* Work instructions *
Only the lines from the beginning of the material below through the line with "doc.units = ezdxf.units.MM" should be retyped exactly, and pictures are to be skipped.

* Dataset extract *

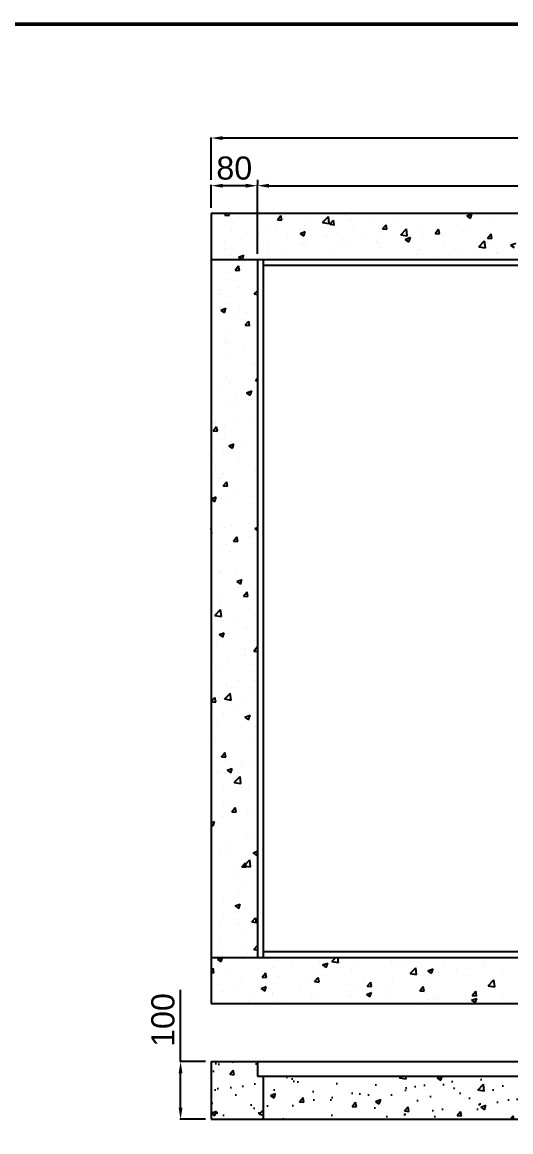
# Model space of a CAD drawing. Header units: millimetres. Extents: x 12472 to 17905, y -36910 to -33068.
# Drawn here: x 14705 to 15552, y -35118 to -33194 of the extents above; entities that cross this region are included whole.
import ezdxf

# ---------------------------------------------------------------- set-up
doc = ezdxf.new("R2010")
doc.units = ezdxf.units.MM
doc.layers.add('LAYOUT', color=7, linetype='Continuous')
doc.layers.add('받침틀', color=251, linetype='Continuous')
doc.styles.get("Standard").update_dxf_attribs({"font": 'arial.ttf'})
doc.dimstyles.new('ISO-25', dxfattribs={"dimtxt": 40, "dimasz": 20, "dimexe": 1.25, "dimexo": 10, "dimgap": 10, "dimtad": 1, "dimdec": 0, "dimtxsty": 'Standard', "dimcen": 2.5, "dimclrd": 3, "dimclre": 3, "dimclrt": 3, "dimadec": 0, "dimazin": 0, "dimtfac": 1, "dimtdec": 0, "dimtmove": 0, "dimatfit": 3, "dimfxl": 0, "dimarcsym": 0})

# ---------------------------------------------------------------- blocks, each defined once
blk = doc.blocks.new('*D6')
at = {"color": 3, "lineweight": -2, "transparency": 16777216}
for p, q in [((4456, -38847.4), (4456, -38807.7)), ((4516, -38809), (4476, -38809)), ((4536, -38927.4), (4536, -38807.7))]:
    blk.add_line(p, q, dxfattribs=at)
at = {"color": 3, "transparency": 16777216}
for points in [[(4476, -38805.7), (4476, -38812.3), (4456, -38809)], [(4516, -38805.7), (4516, -38812.3), (4536, -38809)]]:
    blk.add_solid(points, dxfattribs=at)
at = {"layer": 'Defpoints', "color": 0, "transparency": 16777216}
for p in [(4456, -38809), (4456, -38857.4), (4536, -38937.4)]:
    blk.add_point(p, dxfattribs=at)
at = {"color": 3, "transparency": 16777216, "insert": (4496, -38778.6), "char_height": 40, "attachment_point": 5}
blk.add_mtext('80', dxfattribs=at)
blk = doc.blocks.new('*D7')
at = {"color": 3, "lineweight": -2, "transparency": 16777216}
for p, q in [((4536, -38799), (4536, -38807.7)), ((4556, -38809), (6026, -38809)), ((6046, -38927.4), (6046, -38807.7))]:
    blk.add_line(p, q, dxfattribs=at)
at = {"color": 3, "transparency": 16777216}
for points in [[(4556, -38805.7), (4556, -38812.3), (4536, -38809)], [(6026, -38805.7), (6026, -38812.3), (6046, -38809)]]:
    blk.add_solid(points, dxfattribs=at)
at = {"layer": 'Defpoints', "color": 0, "transparency": 16777216}
for p in [(4536, -38809), (6046, -38809), (6046, -38937.4)]:
    blk.add_point(p, dxfattribs=at)
at = {"color": 3, "transparency": 16777216, "insert": (5291, -38778.6), "char_height": 40, "attachment_point": 5}
blk.add_mtext('1510', dxfattribs=at)
blk = doc.blocks.new('*D3')
at = {"color": 3, "lineweight": -2, "transparency": 16777216}
for p, q in [((4456, -38799), (4456, -38725.1)), ((6106, -38726.4), (4476, -38726.4)), ((6126, -38799), (6126, -38725.1))]:
    blk.add_line(p, q, dxfattribs=at)
at = {"color": 3, "transparency": 16777216}
for points in [[(4476, -38723), (4476, -38729.7), (4456, -38726.4)], [(6106, -38723), (6106, -38729.7), (6126, -38726.4)]]:
    blk.add_solid(points, dxfattribs=at)
at = {"layer": 'Defpoints', "color": 0, "transparency": 16777216}
for p in [(4456, -38726.4), (4456, -38809), (6126, -38809)]:
    blk.add_point(p, dxfattribs=at)
at = {"color": 3, "transparency": 16777216, "insert": (5291, -38696), "char_height": 40, "attachment_point": 5}
blk.add_mtext('1670', dxfattribs=at)
blk = doc.blocks.new('*D21')
at = {"color": 3, "lineweight": -2, "transparency": 16777216}
for p, q in [((14979.3, -34996.5), (14979.3, -34872)), ((15022.5, -34996.5), (14978.1, -34996.5)), ((14979.3, -35076.5), (14979.3, -35016.5)), ((15022.5, -35096.5), (14978.1, -35096.5))]:
    blk.add_line(p, q, dxfattribs=at)
at = {"color": 3, "transparency": 16777216}
for points in [[(14976, -35016.5), (14982.7, -35016.5), (14979.3, -34996.5)], [(14976, -35076.5), (14982.7, -35076.5), (14979.3, -35096.5)]]:
    blk.add_solid(points, dxfattribs=at)
at = {"layer": 'Defpoints', "color": 0, "transparency": 16777216}
for p in [(14979.3, -34996.5), (15032.5, -34996.5), (15032.5, -35096.5)]:
    blk.add_point(p, dxfattribs=at)
at = {"color": 3, "transparency": 16777216, "insert": (14948.9, -34924.3), "char_height": 40, "attachment_point": 5, "rotation": 90}
blk.add_mtext('100', dxfattribs=at)
blk = doc.blocks.new('A$C5BBE172E')
at = {"linetype": 'Continuous'}
for p, q in [((-739.5, 705), (-737.2, 707.7)), ((-739.5, 705), (-731.9, 704.3)), ((-731.9, 704.3), (-732.5, 707.7)), ((-714.4, 702.6), (-714.4, 702.6)), ((-648.4, 697), (-642.3, 704.3)), ((-648.4, 697), (-640.8, 696.4)), ((-640.8, 696.4), (-642.3, 704.3)), ((-598.4, 694.9), (-598.4, 694.9)), ((-570, 692.1), (-560.1, 702.4)), ((-558.7, 690.3), (-560.1, 702.4)), ((-557.3, 689.1), (-551.2, 696.4)), ((-549.8, 688.4), (-551.2, 696.3)), ((-532.4, 704.4), (-532.4, 704.4)), ((-521.1, 696.7), (-521.1, 696.7)), ((-489.3, 700.9), (-489.3, 700.9)), ((-443.7, 696.3), (-443.7, 696.3)), ((-441.2, 707.3), (-441.2, 707.3)), ((-319.9, 704), (-311, 707.4)), ((-319.9, 704), (-313.6, 699.7)), ((-313.6, 699.7), (-311, 707.4)), ((-273.5, 697.7), (-273.5, 697.7)), ((-727.8, 677.8), (-727.8, 677.8)), ((-699.5, 674.1), (-699.5, 674.1)), ((-681.2, 675.7), (-681.2, 675.7)), ((-662.6, 686.8), (-662.6, 686.8)), ((-649.4, 679.9), (-649.4, 679.9)), ((-609.2, 673.2), (-600.3, 676.6)), ((-602.8, 668.9), (-600.3, 676.6)), ((-601.3, 686.2), (-601.3, 686.2)), ((-570, 692.1), (-558.7, 690.4)), ((-557.3, 689.1), (-549.7, 688.4)), ((-517.8, 683.6), (-517.8, 683.6)), ((-466.2, 681.1), (-460.1, 688.4)), ((-466.2, 681.1), (-458.6, 680.4)), ((-458.7, 680.4), (-460.1, 688.4)), ((-434.4, 671.1), (-424.6, 681.4)), ((-423.2, 669.3), (-424.6, 681.4)), ((-404.6, 679.2), (-404.6, 679.2)), ((-375.1, 673.1), (-369, 680.4)), ((-367.6, 672.4), (-369, 680.4)), ((-338.7, 688.8), (-338.7, 688.8)), ((-314.5, 678.2), (-314.5, 678.2)), ((-761.4, 665.1), (-761.4, 665.1)), ((-740.6, 659.9), (-740.6, 659.9)), ((-672.8, 657), (-672.8, 657)), ((-665.9, 658.1), (-665.9, 658.1)), ((-631.7, 671.2), (-631.7, 671.2)), ((-609.2, 673.2), (-602.8, 668.9)), ((-591.9, 670.9), (-591.9, 670.9)), ((-564, 668.3), (-564, 668.3)), ((-534, 662.2), (-534, 662.2)), ((-496.2, 665.5), (-496.2, 665.5)), ((-474.6, 657.2), (-474.6, 657.2)), ((-468.8, 671.1), (-468.8, 671.1)), ((-434.5, 671.1), (-423.2, 669.3)), ((-428.4, 662.6), (-428.4, 662.6)), ((-426.6, 663), (-417.7, 666.5)), ((-426.6, 663), (-420.3, 658.8)), ((-420.3, 658.8), (-417.8, 666.4)), ((-394.4, 667.7), (-394.4, 667.7)), ((-375.1, 673.1), (-367.5, 672.5)), ((-362.6, 671.9), (-362.6, 671.9)), ((-360.6, 659.7), (-360.6, 659.7)), ((-298.9, 650.1), (-289, 660.4)), ((-292.8, 656.9), (-292.8, 656.9)), ((-287.6, 648.3), (-289, 660.4)), ((-284, 665.1), (-277.9, 672.4)), ((-284, 665.1), (-276.4, 664.5)), ((-276.5, 664.5), (-277.9, 672.4)), ((-275, 655.4), (-275, 655.4)), ((-244.1, 652.9), (-235.2, 656.3)), ((-740, 645.4), (-740, 645.4)), ((-729.3, 635.6), (-729.3, 635.6)), ((-715.9, 632.2), (-707, 635.7)), ((-709.6, 628), (-707, 635.7)), ((-664.1, 644.5), (-664.1, 644.5)), ((-634.7, 636.1), (-634.7, 636.1)), ((-605, 654.1), (-605, 654.1)), ((-600, 652.6), (-600, 652.6)), ((-554.5, 646.7), (-554.5, 646.7)), ((-537.2, 651.3), (-537.2, 651.3)), ((-522.7, 650.8), (-522.7, 650.8)), ((-469.4, 648.4), (-469.4, 648.4)), ((-406.2, 637), (-406.2, 637)), ((-401.6, 645.5), (-401.6, 645.5)), ((-340.2, 646.5), (-340.2, 646.5)), ((-333.8, 642.7), (-333.8, 642.7)), ((-300.8, 645.9), (-300.8, 645.9)), ((-298.9, 650.1), (-287.6, 648.3)), ((-267.7, 638.7), (-267.7, 638.7)), ((-266, 639.8), (-266, 639.8)), ((-244.1, 652.9), (-237.8, 648.6)), ((-721.9, 609.5), (-715.7, 616.8)), ((-715.9, 632.2), (-709.6, 628)), ((-714.3, 608.8), (-715.8, 616.8)), ((-714.6, 625.6), (-714.6, 625.6)), ((-682.8, 629.8), (-682.8, 629.8)), ((-470.3, 628.8), (-470.3, 628.8)), ((-374.9, 633.2), (-374.9, 633.2)), ((-347.9, 628.2), (-347.9, 628.2)), ((-724.8, 609.5), (-724.8, 609.5)), ((-721.9, 609.5), (-714.3, 608.8)), ((-730.9, 593.3), (-730.9, 593.3)), ((-716.2, 579.7), (-716.2, 579.7)), ((-748, 575.5), (-748, 575.5)), ((-745.2, 569.7), (-745.2, 569.7)), ((-688.7, 568.4), (-683.3, 573.9)), ((-688.7, 568.4), (-683.3, 567.6)), ((-749.5, 544.6), (-749.5, 544.6)), ((-746.8, 540.2), (-737.9, 543.6)), ((-746.8, 540.1), (-740.5, 535.9)), ((-740.5, 535.9), (-737.9, 543.6)), ((-732.4, 551), (-732.4, 551)), ((-714.8, 541.8), (-714.8, 541.8)), ((-749.7, 529.6), (-749.7, 529.6)), ((-722.8, 527.5), (-722.8, 527.5)), ((-704.2, 513.9), (-698.1, 521.2)), ((-701.6, 535.9), (-701.6, 535.9)), ((-696.7, 513.3), (-698.2, 521.2)), ((-733.9, 508.7), (-733.9, 508.7)), ((-704.2, 513.9), (-696.6, 513.3)), ((-740.4, 484.6), (-740.4, 484.6)), ((-735, 485.8), (-735, 485.8)), ((-735.5, 466.5), (-735.5, 466.5)), ((-707, 477.2), (-707, 477.2)), ((-688.2, 446.3), (-688.2, 446.3)), ((-737, 424.2), (-737, 424.2)), ((-745.6, 408.8), (-745.6, 408.8)), ((-731.7, 412.3), (-731.7, 412.3)), ((-686.6, 418.4), (-683.3, 422.3)), ((-686.6, 418.4), (-683.3, 418.1)), ((-721.6, 396.2), (-721.6, 396.2)), ((-705, 395.2), (-705, 395.2)), ((-701.9, 396.9), (-693, 400.3)), ((-701.9, 396.9), (-695.5, 392.7)), ((-695.5, 392.7), (-693, 400.3)), ((-689.8, 400.4), (-689.8, 400.4)), ((-738.6, 381.9), (-738.6, 381.9)), ((-715.2, 381), (-715.2, 381)), ((-757, 347.7), (-757, 347.7)), ((-723.2, 350.3), (-723.2, 350.3)), ((-760.1, 330.9), (-754, 338.2)), ((-760.1, 330.9), (-752.5, 330.2)), ((-755, 346.1), (-755, 346.1)), ((-752.5, 330.2), (-754, 338.1)), ((-740.1, 339.6), (-740.1, 339.6)), ((-689.2, 344.9), (-689.2, 344.9)), ((-740.7, 323.8), (-740.7, 323.8)), ((-732.8, 304.8), (-723.9, 308.2)), ((-726.4, 300.6), (-723.9, 308.2)), ((-756.6, 300.2), (-756.6, 300.2)), ((-741.7, 297.3), (-741.7, 297.3)), ((-732.8, 304.8), (-726.4, 300.6)), ((-708.5, 306.5), (-708.5, 306.5)), ((-713.9, 280), (-713.9, 280)), ((-755, 265.8), (-755, 265.8)), ((-743.2, 255.1), (-743.2, 255.1)), ((-741.9, 256.4), (-741.9, 256.4)), ((-687.2, 262.9), (-687.2, 262.9)), ((-746, 248), (-746, 248)), ((-742.5, 235.3), (-736.3, 242.6)), ((-742.5, 235.3), (-734.9, 234.7)), ((-734.9, 234.7), (-736.4, 242.6)), ((-763.3, 212.9), (-754.8, 216.2)), ((-763.3, 212.5), (-757.3, 208.5)), ((-757.3, 208.5), (-754.8, 216.1)), ((-744.7, 212.8), (-744.7, 212.8)), ((-739.2, 215.4), (-739.2, 215.4)), ((-715.5, 220.1), (-715.5, 220.1)), ((-695.1, 216.9), (-695.1, 216.9)), ((-762.4, 153.4), (-763.3, 161.3)), ((-746.3, 170.5), (-746.3, 170.5)), ((-741.1, 163), (-741.1, 163)), ((-728.5, 166.8), (-728.5, 166.8)), ((-696.7, 171), (-696.7, 171)), ((-687.9, 161.6), (-683.3, 163.3)), ((-687.9, 161.6), (-683.3, 158.6)), ((-763.3, 153.6), (-762.4, 153.5)), ((-724.8, 139.8), (-718.7, 147.1)), ((-724.8, 139.8), (-717.2, 139.1)), ((-717.3, 139.1), (-718.8, 147.1)), ((-696.1, 147.7), (-696.1, 147.7)), ((-761.9, 116.7), (-761.9, 116.7)), ((-747.8, 128.2), (-747.8, 128.2)), ((-737.2, 133.5), (-737.2, 133.5)), ((-730.1, 120.9), (-730.1, 120.9)), ((-749.4, 86), (-749.4, 86)), ((-746.4, 87.2), (-746.4, 87.2)), ((-721.4, 83.1), (-721.4, 83.1)), ((-715.5, 77.2), (-715.5, 77.2)), ((-684.2, 94.9), (-684.2, 94.9)), ((-718.8, 69.5), (-709.9, 72.9)), ((-718.8, 69.5), (-712.4, 65.2)), ((-715.9, 59.3), (-715.9, 59.3)), ((-712.4, 65.2), (-709.9, 72.9)), ((-750.9, 43.7), (-750.9, 43.7)), ((-707.2, 44.3), (-701.1, 51.6)), ((-707.2, 44.3), (-699.6, 43.6)), ((-699.7, 43.6), (-701.1, 51.6)), ((-685.7, 52.6), (-685.7, 52.6)), ((-756.9, 10.5), (-747, 20.8)), ((-748.9, 27.1), (-748.9, 27.1)), ((-745.6, 8.7), (-747, 20.8)), ((-756.9, 10.5), (-745.6, 8.7)), ((-752.5, 1.4), (-752.5, 1.4)), ((-746.1, 18.2), (-746.1, 18.2)), ((-741.5, 2.2), (-741.5, 2.2)), ((-719.4, 1.1), (-719.4, 1.1)), ((-687.3, 10.3), (-687.3, 10.3)), ((-749.7, -22.6), (-740.8, -19.2)), ((-743.3, -26.9), (-740.8, -19.2)), ((-702.1, -12.5), (-702.1, -12.5)), ((-749.7, -22.6), (-743.3, -26.9)), ((-688.8, -31.9), (-688.8, -31.9)), ((-754, -40.9), (-754, -40.9)), ((-703.6, -49.2), (-703.6, -49.2)), ((-689.6, -51.3), (-683.5, -44)), ((-689.6, -51.3), (-683.3, -51.8)), ((-683.3, -44.9), (-683.5, -44)), ((-746.7, -73.6), (-746.7, -73.6)), ((-735.5, -62.5), (-735.5, -62.5)), ((-703.7, -58.4), (-703.7, -58.4)), ((-690.4, -74.2), (-690.4, -74.2)), ((-755.6, -83.1), (-755.6, -83.1)), ((-737.1, -108.5), (-737.1, -108.5)), ((-728.3, -114.1), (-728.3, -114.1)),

* Result of this exercise *
# Model space of a CAD drawing. Header units: millimetres. Extents: x 12472 to 17905, y -36910 to -33068.
# Drawn here: x 14705 to 15552, y -35118 to -33194 of the extents above; entities that cross this region are included whole.
import ezdxf

# ---------------------------------------------------------------- set-up
doc = ezdxf.new("R2010")
doc.units = ezdxf.units.MM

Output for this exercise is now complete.